Confira alguns dos principais lançamentos da semana para atualizar a sua playlist de discos favoritos. Entre eles estão os novos trabalhos de: Genesis Owusu, Lady Gaga, Rostam, Porches, Dua Saleh, New Constellations e Active Child.
• Genesis Owusu – REDSTAR WU & THE WORLDWIDE SCOURGE
(OURNESS)
Em REDSTAR WU & THE WORLDWIDE SCOURGE, o cantor e rapper ganiano-australiano Genesis Owusu apresenta um trabalho intenso e profundamente conectado ao cenário atual, transformando emoções humanas cruas em composições que refletem um mundo instável e dividido. O álbum, sucessor de STRUGGLER, mistura contrastes de forma constante, alternando entre momentos sombrios e explosivos, vulneráveis e libertadores, enquanto o artista explora tanto conflitos globais quanto reflexões pessoais sobre pertencimento e identidade. Desenvolvido ao lado do produtor executivo Dann Hume a partir de sessões livres e experimentais, o disco combina neo soul, alt-pop, synth-punk, funk e brit rock em uma sonoridade diversa e coesa.

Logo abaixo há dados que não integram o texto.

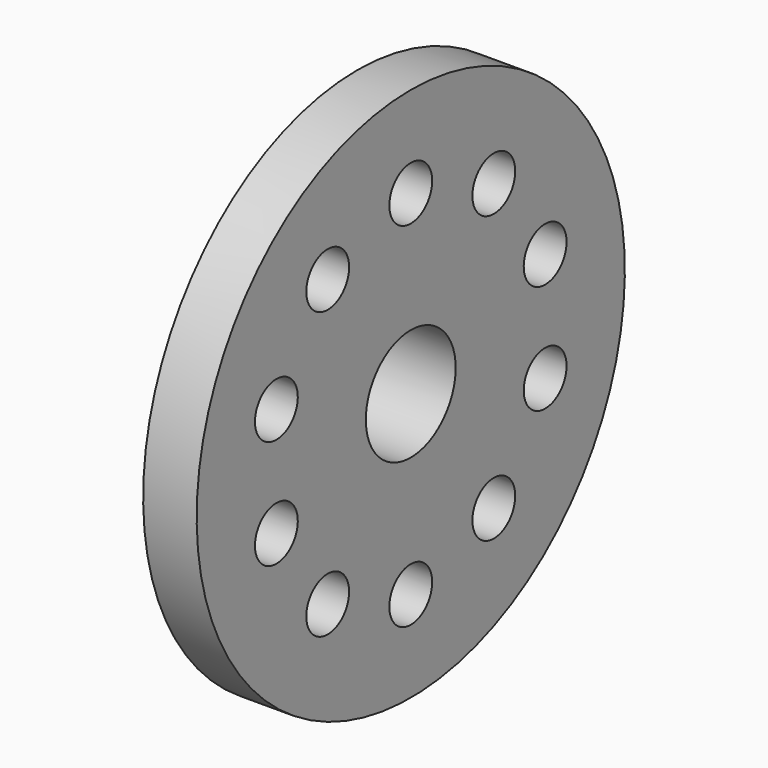
from build123d import *

# Parameters (mm, degrees)
F3_D            = 12.7
F3_COPIES_COUNT = 10


# Not quite as in the source:
# - a pattern or mirror of a feature is missing from the dataset's text; its kind, count and spacing are read off the source's solid


with BuildPart() as f1:
    # F0 (on Front) → F1 (revolve)
    with BuildSketch(Plane.XZ):
        Polygon((-25.4, 0), (0, 0), (0, 50.172699946), (-12.7, 50.172699946), (-12.7, 12.072699946), (-25.4, 12.072699946), align=None)
    revolve(axis=Axis((-12.7, 0, -13.327300054), (-1, 0, 0)))

    # F3 (through all)
    with Locations(Plane.YZ):
        with Locations((0, 28.582699946)):
            f3 = Hole(F3_D / 2)

    # F3_copies: F3 ×10 about axis
    f3_copies_axis = Axis((0, 0, -13.3273), (1, 0, 0))
    for i in range(1, F3_COPIES_COUNT):
        add(f3.rotate(f3_copies_axis, i * 360 / F3_COPIES_COUNT), mode=Mode.SUBTRACT)


solid = f1.part

Owusu explica que começou a escrever o álbum observando os acontecimentos do mundo e inspirado pela ideia de Nina Simone de que o papel do artista é refletir o seu tempo. “PIRATE RADIO” combina uma produção eletrônica pulsante com a energia crua do punk e a intensidade vocal característica de Owusu, que expressa sua indignação diante do cenário mundial atual. “STAMPEDE” com sua sonoridade synth-punk urgente de sintetizadores estridentes, baixo marcante e percussão implacável, é um manifesto de revolta coletiva contra a injustiça e o poder corrupto, defendendo união, ação e luta em favor da empatia e dos oprimidos. “DEATH CULT ZOMBIE” combina indie rock e punk em uma sonoridade intensa, usando guitarras marcantes, batidas envolventes e letras irônicas para refletir sobre debates globais e a alienação da sociedade. “BIG DOG” surge com uma energia eletropop e rap vibrante, trazendo críticas às estruturas de poder e, ao mesmo tempo, celebrando a liberdade e a alegria de viver. Já “THE WORLDWIDE SCOURGE” assume um tom mais sombrio e político, enquanto “BLESSED ARE THE MEEK” aposta em uma atmosfera neo soul delicada e desafiadora. “MOST NORMAL AMERICAN VOTER:” mergulha em um rock caótico e sarcástico, ao passo que “HELLSTAR”, com Duckwrth, leva o álbum para um lado mais íntimo em uma espécie de canção romântica pós-apocalíptica. Em “FALLING BOTH WAYS”, ao lado de Ladyhawke, o artista explora uma psicodelia melancólica, enquanto “SITUATIONS” reforça mensagens de unidade apesar das diferenças. O disco também abre espaço para momentos mais suaves e nostálgicos em “4LIFE”, reflexões sobre resistência emocional em “RUNNIN OUTTA TIME” e um olhar melancólico sobre as mudanças do mundo em “ONE4ALL”.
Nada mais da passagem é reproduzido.